# Educate me, civic type R FD2 v FK2



## horico (Jul 17, 2010)

For some reason, today has seen me looking at new civic type r's. Not sure why but they do something for me. Today, anyway. The browsing inevitably meant looking at past civic type R's which meant including the FD2 as well.

From what I can gather, the FD2 is the one to have (unless you can find a Mugen RR) from the older models but i can't find anywhere that has directly compared the FD2 with the new boy.

Is the new one worth double the money of the fd2? After 4 years, the new one will be worth mid teens and a well kept FD2 will no doubt still maintain its value over the same period, give or take.

I wonder how much faster the new one is over the older one? Has anyone got any insight or information to compare the two? What would you do with your money?

FD2



FK2


----------



## Clancy (Jul 21, 2013)

My money ? Ek9 if you want a type r :thumb:


----------



## turbosnoop (Apr 14, 2015)

I'd be happy with either, who cares if ones slightly better in one respect to the other, there both great cars, but that's my view. So is the fn2, but its cool to slag the fn2 off, despite being more involving and exciting than a lot of non-honda hot hatches


----------



## RD55 DUN (Dec 30, 2008)

Having had a couple of type r's and still having my ek9, id go for the FK.

The FK is incredibly fast (from a test drive, couldn't hammer it on a back road), in a straight line it would destroy the FN2/FD2.

Never been a huge fan of the FD2, theres something that dosent do it for me, I'm not sure if its the saloon shape, although it is a special car.

Yes the FD will hold its value, so perhaps a more economical choice, and will be rarer too.

:car:


----------



## Soul boy 68 (Sep 8, 2013)

New type R for me, 306 bhp from the front wheels, oh yes :thumb:


----------



## Kimo (Jun 7, 2013)

Fk by a mile for me

The mugen fd2 model would be epic but fk is much better

Wouldn't agree with ek9 being the best, yes its iconic and handles epically but they're really not that fast


----------



## RD55 DUN (Dec 30, 2008)

Yup, ek9 aint fast by todays standards.

Still quick cars and handling is sublime...also a very raw car.


----------



## Kerr (Mar 27, 2012)

Neither of them are lookers. 

I'd go for the new one as it's suppose to be a good drive. Old school high revving cars aren't the best real world driving cars. Fun when you're in the mood, but not as easy and pleasant as modern cars with torque.


----------



## turbosnoop (Apr 14, 2015)

Kerr said:


> Neither of them are lookers.
> 
> I'd go for the new one as it's suppose to be a good drive. Old school high revving cars aren't the best real world driving cars. Fun when you're in the mood, but not as easy and pleasant as modern cars with torque.

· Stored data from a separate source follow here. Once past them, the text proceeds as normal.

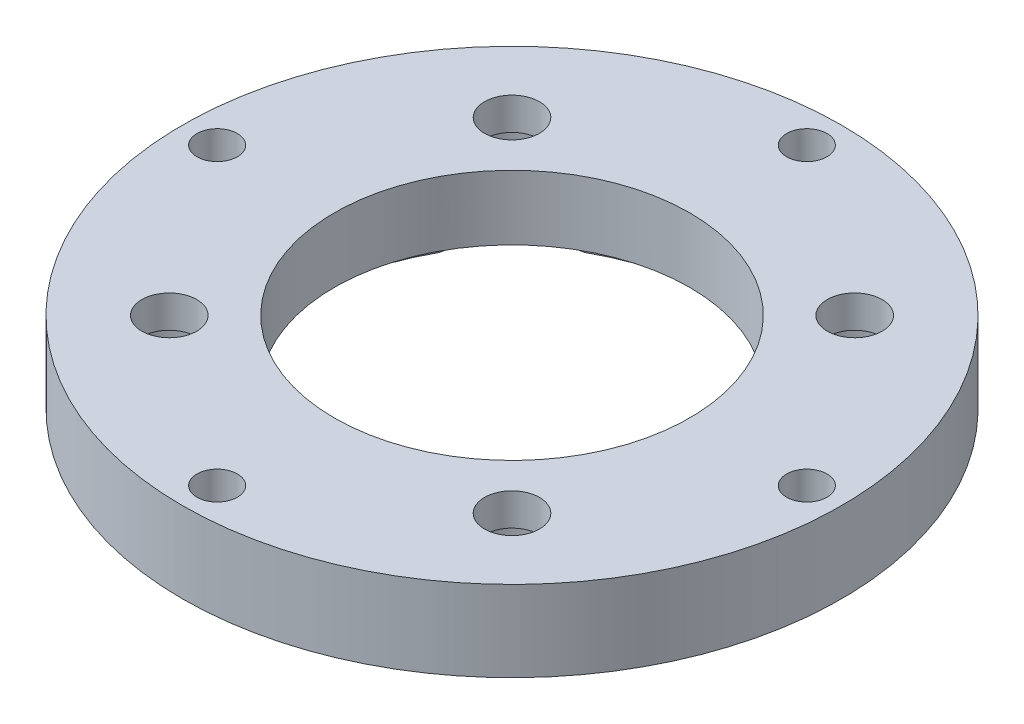
SolidWorks part; units mm, degrees
material "3.1355 (EN-AW 2024)"
ref_plane "Front" through (0, 0, 0) normal (0, 0, 1) x (1, 0, 0)
ref_plane "Top" through (0, 0, 0) normal (0, 1, 0) x (1, 0, 0)
ref_plane "Right" through (0, 0, 0) normal (1, 0, 0) x (0, 0, -1)
sketch "Эскиз1" plane through (0, 0, 0) normal (0, 1, 0) x (1, 0, 0)
  circle A0 centre (0, 0) radius 20.4
  circle A1 centre (0, 0) radius 11
  dimension "D1" = 40.8
  dimension "D2" = 22
extrude "Бобышка-Вытянуть1" add sketch "Эскиз1" along normal blind 5
sketch "Эскиз2" plane through (0, 5, 0) normal (0, 1, 0) x (1, 0, 0)
  circle A0 centre (0, 0) radius 18.25 construction
  point P3 (0, 18.25)
  point P4 (18.25, 0)
  point P5 (0, -18.25)
  point P6 (-18.25, 0)
  dimension "D1" = 36.5
hole_wizard "Отверстие обработанное метчиком M3x0.51" positions "Эскиз5" profile "Эскиз4" tap size "M3x0.5" standard "Ansi Metric" end condition through all
sketch "Эскиз5" plane through (0, 5, 0) normal (0, 1, 0) x (1, 0, 0)
  point P0 (-18.25, 0)
  point P3 (0, 18.25)
  point P6 (18.25, 0)
  point P9 (0, -18.25)
sketch "Эскиз4" plane through (-18.25, 5, 0) normal (1, 0, 0) x (0, 0, 1)
  line L0 (0, 0) -> (0, 5)
  line L1 (0, 5) -> (1.25, 5)
  line L2 (1.25, 5) -> (1.25, 0)
  line L5 (1.25, 0) -> (0, 0)
  line L11 (0, -6.35) -> (0, 107.95) construction
  dimension "Диаметр проходного сверла" = 2.5
  dimension "Глубина проходного сверла" = 5
cosmetic thread "Отверстие резьбы1"
cosmetic thread "Отверстие резьбы2"
cosmetic thread "Отверстие резьбы3"
cosmetic thread "Отверстие резьбы4"
sketch "Эскиз6" plane through (0, 0, 0) normal (0, -1, 0) x (1, 0, 0)
  line L0 (0, 0) -> (-10.6066, 10.6066) construction
  line L1 (0, 0) -> (-15, 0) construction
  line L2 (0, 0) -> (10.6066, 10.6066) construction
  line L3 (0, 0) -> (10.6066, -10.6066) construction
  line L4 (0, 0) -> (-10.6066, -10.6066) construction
  circle A0 centre (0, 0) radius 15 construction
  point P11 (0, 0)
  dimension "D1" = 30
  dimension "D2" = 45
  dimension "D3" = 4
hole_wizard "Цековка для винта с внутренним шестигранником M31" positions "Эскиз8" profile "Эскиз7" counterbore size "M3" standard "Ansi Metric" end condition through all
sketch "Эскиз8" plane through (0, 0, 0) normal (0, -1, 0) x (-1, 0, 0)
  point P0 (10.6066, -10.6066)
  point P3 (-10.6066, -10.6066)
  point P6 (-10.6066, 10.6066)
  point P9 (10.6066, 10.6066)
sketch "Эскиз7" plane through (-10.6066, 0, 10.6066) normal (1, 0, 0) x (0, 0, -1)
  line L0 (0, 0) -> (0, 5)
  line L1 (0, 5) -> (1.7, 5)
  line L3 (1.7, 5) -> (1.7, 3)
  line L4 (1.7, 3) -> (3.25, 3)
  line L5 (3.25, 3) -> (3.25, 0)
  line L7 (3.25, 0) -> (0, 0)
  line L11 (0, -6.35) -> (0, 107.95) construction
  dimension "Диаметр сквозного отверстия" = 3.4
  dimension "Глубина сквозного отверстия" = 5
  dimension "Диаметр цековки" = 6.5
  dimension "Глубина цековки" = 3
sketch "Эскиз9" plane through (0, 0, 0) normal (0, -1, 0) x (1, 0, 0)
  circle A0 centre (0, 0) radius 12.25
  dimension "D1" = 24.5
extrude "Вырез-Вытянуть1" cut sketch "Эскиз9" against normal blind 1
fillet "Скругление1" radius 1 8 edges at (-9.6959, 0.5, -7.4868) (-7.4868, 0.5, -9.6959) (7.4868, 0.5, -9.6959) (9.6959, 0.5, -7.4868) (9.6959, 0.5, 7.4868) (7.4868, 0.5, 9.6959) (-9.6959, 0.5, 7.4868) (-7.4868, 0.5, 9.6959)
equation "\"D1@Эскиз2\"=36.5"
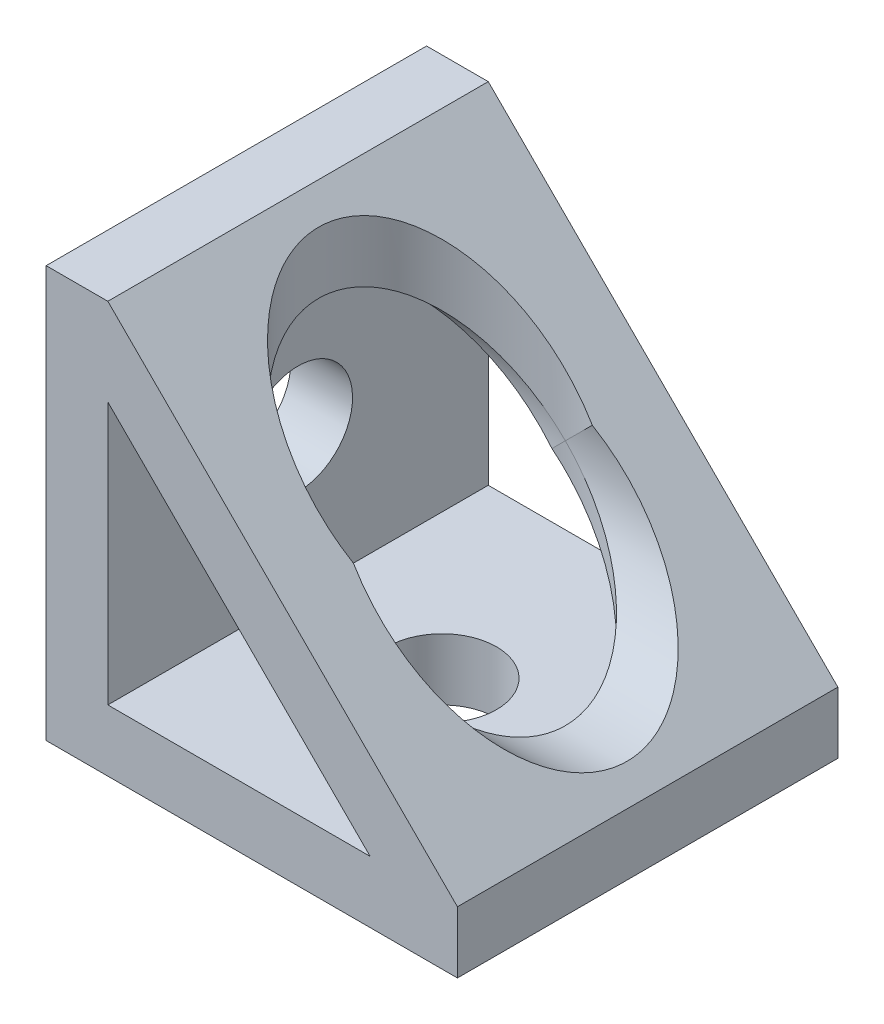
SolidWorks part; units mm, degrees
ref_plane "Front Plane" through (0, 0, 0) normal (0, 0, 1) x (1, 0, 0)
ref_plane "Top Plane" through (0, 0, 0) normal (0, 1, 0) x (1, 0, 0)
ref_plane "Right Plane" through (0, 0, 0) normal (1, 0, 0) x (0, 0, -1)
sketch "Sketch1" plane through (0, 0, 0) normal (0, 0, 1) x (1, 0, 0)
  line L0 (0, 10) -> (0, -10) construction
  line L1 (10, 0) -> (-10, 0) construction
  line L2 (-2.65, -10) -> (2.65, -10) construction
  line L3 (-10, -10) -> (-10, -7) construction
  line L4 (-6, -7) -> (6, -7) construction
  point P4 (0, 0)
  point P8 (0, 0)
  point P11 (0, -10)
  point P16 (0, -7)
  dimension "Length" = 20
  dimension "Clearance Hole" = 5.3
  dimension "Wall" = 3
  dimension "Access Hole" = 12
  dimension "For Rail Height" = 20
sketch "Sketch3" plane through (0, 0, 0) normal (1, 0, 0) x (0, 0, -1)
  line L0 (9.25, 0) -> (-9.25, 0) construction
  point P3 (0, 0)
  dimension "Thickness" = 18.5
sketch "Sketch2" plane through (0, 0, 0) normal (0, 0, 1) x (1, 0, 0)
  line L0 (-10, 10) -> (-10, -10)
  line L1 (-10, -10) -> (10, -10)
  line L3 (-2.65, -10) -> (2.65, -10) construction
  line L4 (-10, -10) -> (-10, -7) construction
  line L5 (10, -10) -> (10, -7)
  line L6 (10, -7) -> (-7, 10)
  line L7 (-7, 10) -> (-10, 10)
  line L8 (-7, 5.7574) -> (-7, -7)
  line L9 (-7, -7) -> (5.7574, -7)
  line L10 (5.7574, -7) -> (5.7574, -7)
  line L11 (5.7574, -7) -> (-7, 5.7574)
  line L12 (-7, 5.7574) -> (-7, 5.7574)
extrude "Boss-Extrude1" add sketch "Sketch2" against normal up to vertex (9.25 mm away) and the other way up to vertex (9.25 mm away) up to point (0, 0, -9.25) other way up to point (0, 0, 9.25)
sketch "Sketch4" plane through (0, -10, 0) normal (0, -1, 0) x (1, 0, 0)
  line L0 (-2.65, 0) -> (2.65, 0) construction
  line L1 (-2.65, 0) -> (2.65, 0) construction
  circle A0 centre (0, 0) radius 2.65
extrude "Cut-Extrude1" cut sketch "Sketch4" against normal up to next
sketch "Sketch6" plane through (0, -7, 0) normal (0, 1, 0) x (1, 0, 0)
  circle A0 centre (0, 0) radius 6
extrude "Cut-Extrude2" cut sketch "Sketch6" along normal through all
ref_plane "Plane1" through (0, 0, 0) normal (0.7071, -0.7071, 0) x (-0.7071, -0.7071, 0)
mirror "Mirror1" about plane through (0, 0, 0) normal (0.7071, -0.7071, 0) of "Cut-Extrude2", "Cut-Extrude1"
sketch "Sketch7" plane through (0, -7, 0) normal (0, 1, 0) x (1, 0, 0)
  line L0 (0, 0) -> (2.295, 1.325) construction
  line L1 (10, -9.25) -> (-7, -9.25) construction
  circle A0 centre (0, 0) radius 2.65 construction
  dimension "D1" = 30
sketch "Sketch8" plane through (-7, 0, 0) normal (1, 0, 0) x (0, 0, -1)
  line L0 (0, 0) -> (-1.8738, 1.8738) construction
  line L1 (9.25, -10) -> (-9.25, -10) construction
  circle A0 centre (0, 0) radius 2.65 construction
  dimension "D1" = 45
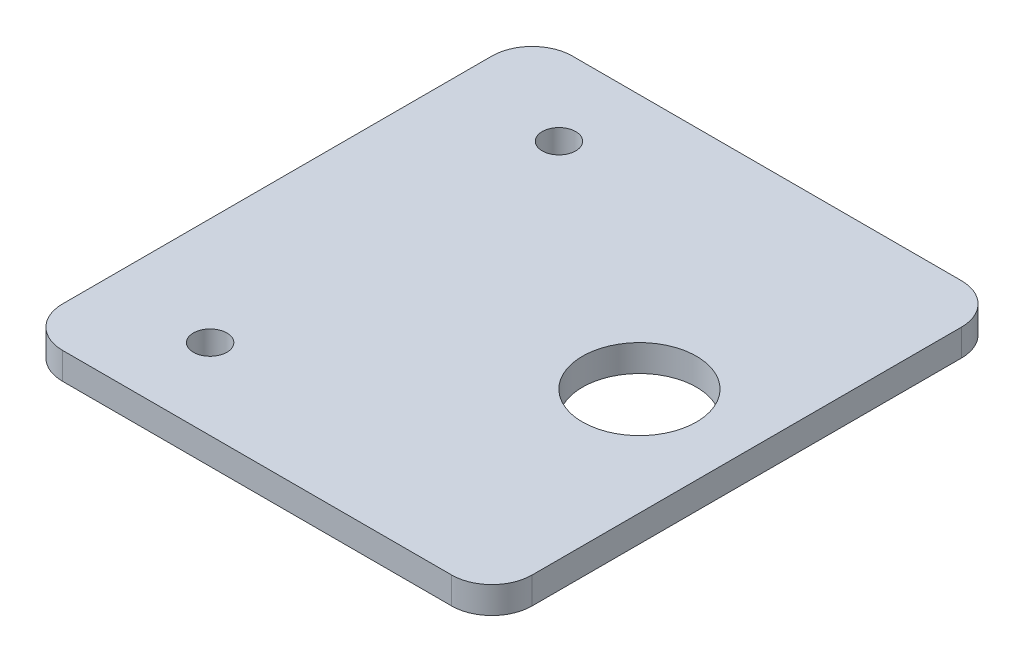
SolidWorks part; units mm, degrees
material "Plain Carbon Steel"
ref_plane "Front Plane" through (0, 0, 0) normal (0, 0, 1) x (1, 0, 0)
ref_plane "Top Plane" through (0, 0, 0) normal (0, 1, 0) x (1, 0, 0)
ref_plane "Right Plane" through (0, 0, 0) normal (1, 0, 0) x (0, 0, -1)
sketch "Sketch1" plane through (0, 0, 0) normal (0, 1, 0) x (1, 0, 0)
  line L0 (-1.5, 19) -> (-1.5, -19) construction
  line L1 (17.5, -19) -> (-17.5, -19)
  line L2 (17.5, -19) -> (17.5, 19)
  line L3 (17.5, 19) -> (-17.5, 19)
  line L4 (-17.5, -19) -> (-17.5, 19)
  line L5 (17.5, -19) -> (-17.5, 19) construction
  line L6 (17.5, 19) -> (-17.5, -19) construction
  line L8 (-9.5, -24.3501) -> (-9.5, 24.7928) construction
  line L9 (0, 0) -> (22.1782, 0) construction
  circle A0 centre (9.5, 0) radius 5 construction
  circle A1 centre (-9.5, 13) radius 1.5 construction
  circle A2 centre (-9.5, -13) radius 1.5 construction
  point P0 (0, 0)
  point P8 (9.5, 0)
  dimension "D4" = 10
  dimension "D6" = 3
  dimension "D1" = 35
  dimension "D2" = 38
  dimension "D3" = 16
  dimension "D5" = 8
  dimension "D7" = 6
  dimension "D8" = 8
base flange "Base-Flange1" sketch "Sketch1" thickness 2 reverse thickness direction no parameters "D1"=1
sketch "Sketch2" plane through (0, 0, 0) normal (0, 1, 0) x (1, 0, 0)
  point P0 (-9.5, -13)
  point P2 (-9.5, 13)
hole_wizard "Tap Drill for M3x0.5 Tap1" positions "Sketch2" profile "Sketch3" hole size "M3x0.5" standard "ANSI Metric" end condition through all
sketch "Sketch3" plane through (-9.5, 0, 13) normal (1, 0, 0) x (0, 0, 1)
  line L0 (0, 0) -> (0, 2)
  line L1 (0, 2) -> (1.25, 2)
  line L2 (1.25, 2) -> (1.25, 0)
  line L5 (1.25, 0) -> (0, 0)
  line L11 (0, -6.35) -> (0, 107.95) construction
  dimension "Thru Hole Dia." = 2.5
  dimension "Thru Hole Depth" = 2
cosmetic thread "Cosmetic Thread1"
cosmetic thread "Cosmetic Thread2"
fillet "Fillet1" radius 3 4 edges at (17.5, -1, -19) (-17.5, -1, -19) (-17.5, -1, 19) (17.5, -1, 19)
sketch "Sketch6" plane through (0, 0, 0) normal (0, 1, 0) x (1, 0, 0)
  circle A0 centre (9.5, 0) radius 5 construction
  circle A1 centre (9.5, 0) radius 5
  point P0 (9.5, 0)
hole_wizard "Tap Drill for M10x1.5 Tap1" positions "Sketch6" profile "Sketch7" hole size "M10x1.5" standard "ANSI Metric"
sketch "Sketch7" plane through (9.5, 0, 0) normal (1, 0, 0) x (0, 0, 1)
  line L0 (0, 0) -> (0, 7.5537)
  line L1 (0, 7.5537) -> (4.25, 5)
  line L2 (4.25, 5) -> (4.25, 0)
  line L5 (4.25, 0) -> (0, 0)
  line L10 (0, 7.5537) -> (-4.25, 5) construction
  line L11 (0, -6.35) -> (0, 107.95) construction
  dimension "Hole Dia." = 8.5
  dimension "Hole Depth" = 5
  dimension "Drill Angle" = 118
cosmetic thread "Cosmetic Thread3"
sketch "Bend-Lines1" [suppressed] plane through (0, 0, 0) normal (0, 1, 0) x (1, 0, 0)
sketch "Bounding-Box1" [suppressed] plane through (0, 0, 0) normal (0, 1, 0) x (1, 0, 0)
sheet metal parameters "Sheet-Metal3" thickness 2 parameters "D1"=1
flat pattern "Flat-Pattern3" [suppressed]
sketch "Bend-Lines2" plane through (0, 0, 0) normal (0, 1, 0) x (1, 0, 0)
sketch3d "Bounding-Box2" [suppressed]
  line L0 (-15, 19, 0) -> (-15, -19, 0) construction
  line L1 (15, 19, 0) -> (15, -19, 0) construction
  line L2 (-15, 19, 0) -> (15, 19, 0) construction
  line L3 (-15, -19, 0) -> (15, -19, 0) construction
sheet metal parameters "Sheet-Metal6" thickness 2 parameters "D1"=1
flat pattern "Flat-Pattern3"
sketch "Bend-Lines2" plane through (0, 0, 0) normal (0, 1, 0) x (1, 0, 0)
sketch3d "Bounding-Box2" [suppressed]
  line L0 (15, 19, 0) -> (15, -19, 0) construction
  line L1 (-15, 19, 0) -> (-15, -19, 0) construction
  line L2 (15, 19, 0) -> (-15, 19, 0) construction
  line L3 (15, -19, 0) -> (-15, -19, 0) construction
sheet metal parameters "Sheet-Metal7" thickness 2 parameters "D1"=1
flat pattern "Flat-Pattern3"
sketch "Bend-Lines2" plane through (0, 0, 0) normal (0, 1, 0) x (1, 0, 0)
sketch3d "Bounding-Box2" [suppressed]
  line L0 (17.5, 19, 0) -> (17.5, -19, 0) construction
  line L1 (-17.5, 19, 0) -> (-17.5, -19, 0) construction
  line L2 (17.5, 19, 0) -> (-17.5, 19, 0) construction
  line L3 (17.5, -19, 0) -> (-17.5, -19, 0) construction
equation "\"D1@Sketch1\"=16+19"
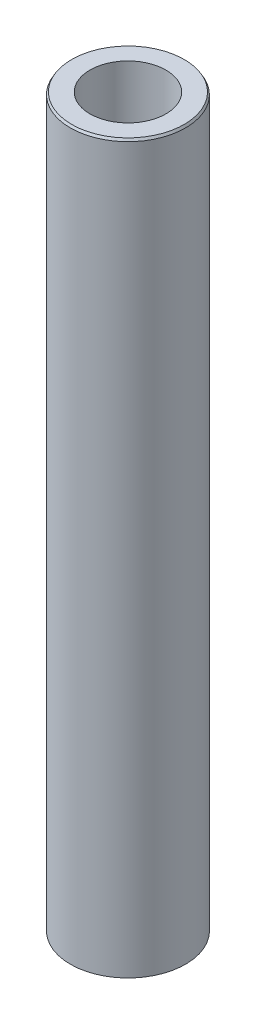
SolidWorks part; units mm, degrees
ref_plane "Front Plane" through (0, 0, 0) normal (0, 0, 1) x (1, 0, 0)
ref_plane "Top Plane" through (0, 0, 0) normal (0, 1, 0) x (1, 0, 0)
ref_plane "Right Plane" through (0, 0, 0) normal (1, 0, 0) x (0, 0, -1)
sketch "Sketch1" plane through (0, 0, 0) normal (0, 1, 0) x (1, 0, 0)
  circle A0 centre (0, 0) radius 47.5
  dimension "SHAFT_OD" = 95
extrude "Boss-Extrude1" add sketch "Sketch1" along normal blind 600
sketch "Sketch2" plane through (0, 0, 0) normal (0, 1, 0) x (1, 0, 0)
  circle A0 centre (0, 0) radius 31.3224
  dimension "BORE_D" = 62.6449
extrude "Cut-Extrude1" cut sketch "Sketch2" along normal through all
chamfer "Chamfer1" distance 1.9312 angle 30 2 edges at (0, 600, 47.5) (0, 0, 47.5) first distance on face at (0, 600, 47.5) first distance on face at (0, 0, 31.3224)
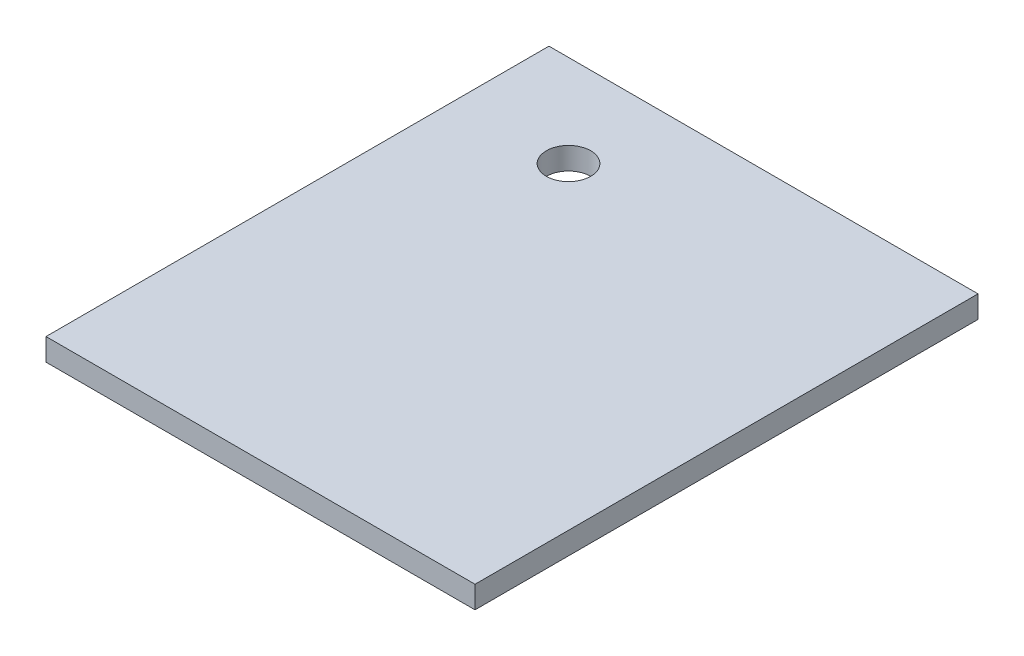
SolidWorks part; units mm, degrees
ref_plane "Front Plane" through (0, 0, 0) normal (0, 0, 1) x (1, 0, 0)
ref_plane "Top Plane" through (0, 0, 0) normal (0, 1, 0) x (1, 0, 0)
ref_plane "Right Plane" through (0, 0, 0) normal (1, 0, 0) x (0, 0, -1)
sketch "Sketch1" plane through (0, 0, 0) normal (0, 1, 0) x (1, 0, 0)
  line L1 (-26.3686, 11.4411) -> (31.6314, 11.4411)
  line L2 (-26.3686, 11.4411) -> (-26.3686, -56.5589)
  line L3 (-26.3686, -56.5589) -> (31.6314, -56.5589)
  line L4 (31.6314, 11.4411) -> (31.6314, -56.5589)
  dimension "D1" = 58
  dimension "D2" = 68
extrude "Boss-Extrude1" add sketch "Sketch1" along normal blind 3
hole_wizard "Ø6.0mm Dowel Hole1" positions "Sketch2" profile "Sketch3" hole size "Ø6.0" standard "ANSI Metric" end condition up to next
sketch "Sketch2" plane through (0, 0, 0) normal (0, -1, 0) x (-1, 0, 0)
  point P0 (11.3039, -0.9815)
sketch "Sketch3" plane through (-11.3039, 0, 0.9815) normal (1, 0, 0) x (0, 0, -1)
  line L0 (0, 0) -> (0, 3)
  line L1 (0, 3) -> (3, 3)
  line L2 (3, 3) -> (3, 0)
  line L5 (3, 0) -> (0, 0)
  line L11 (0, -6.35) -> (0, 107.95) construction
  dimension "Thru Hole Dia." = 6
  dimension "Thru Hole Depth" = 3

Unfortunately this is true, the effortless acceleration in my 03 astra gsi was quite fun at times


----------



## -Jamie- (Nov 6, 2012)

Soul boy 68 said:


> New type R for me, 306 bhp from the front wheels, oh yes :thumb:


Lol, please dont start that again.

To the OP, depends what you want. The FD is a high revving screamer that needs worked, the FK is a lot lazier in terms of having power and torque available throughout the rev range.

Personally I would find the older N/A engined one a lot more rewarding on a proper drive although it would get a bit tedious in daily driving having to keep it on the boil to make any decent progress


----------



## Stuartph (Apr 21, 2015)

The Fd2 gets my vote, but I've not driven the new one yet


----------



## danwel (Feb 18, 2007)

I do have a very large soft spot for an FD2


----------



## horico (Jul 17, 2010)

danwel said:


> I do have a very large soft spot for an FD2


So do I, it seems not many have a bad word to say.

I'm tempted to go and have a drive of the new one. It would be good to compare it to our Golf R which is brilliant but is so good at everything, it doesn't warrant any special pampering or cosseting. Maybe as it's mainly used by the Mrs that makes me think that way?


----------



## danwel (Feb 18, 2007)

horico said:


> So do I, it seems not many have a bad word to say.
> 
> I'm tempted to go and have a drive of the new one. It would be good to compare it to our Golf R which is brilliant but is so good at everything, it doesn't warrant any special pampering or cosseting. Maybe as it's mainly used by the Mrs that makes me think that way?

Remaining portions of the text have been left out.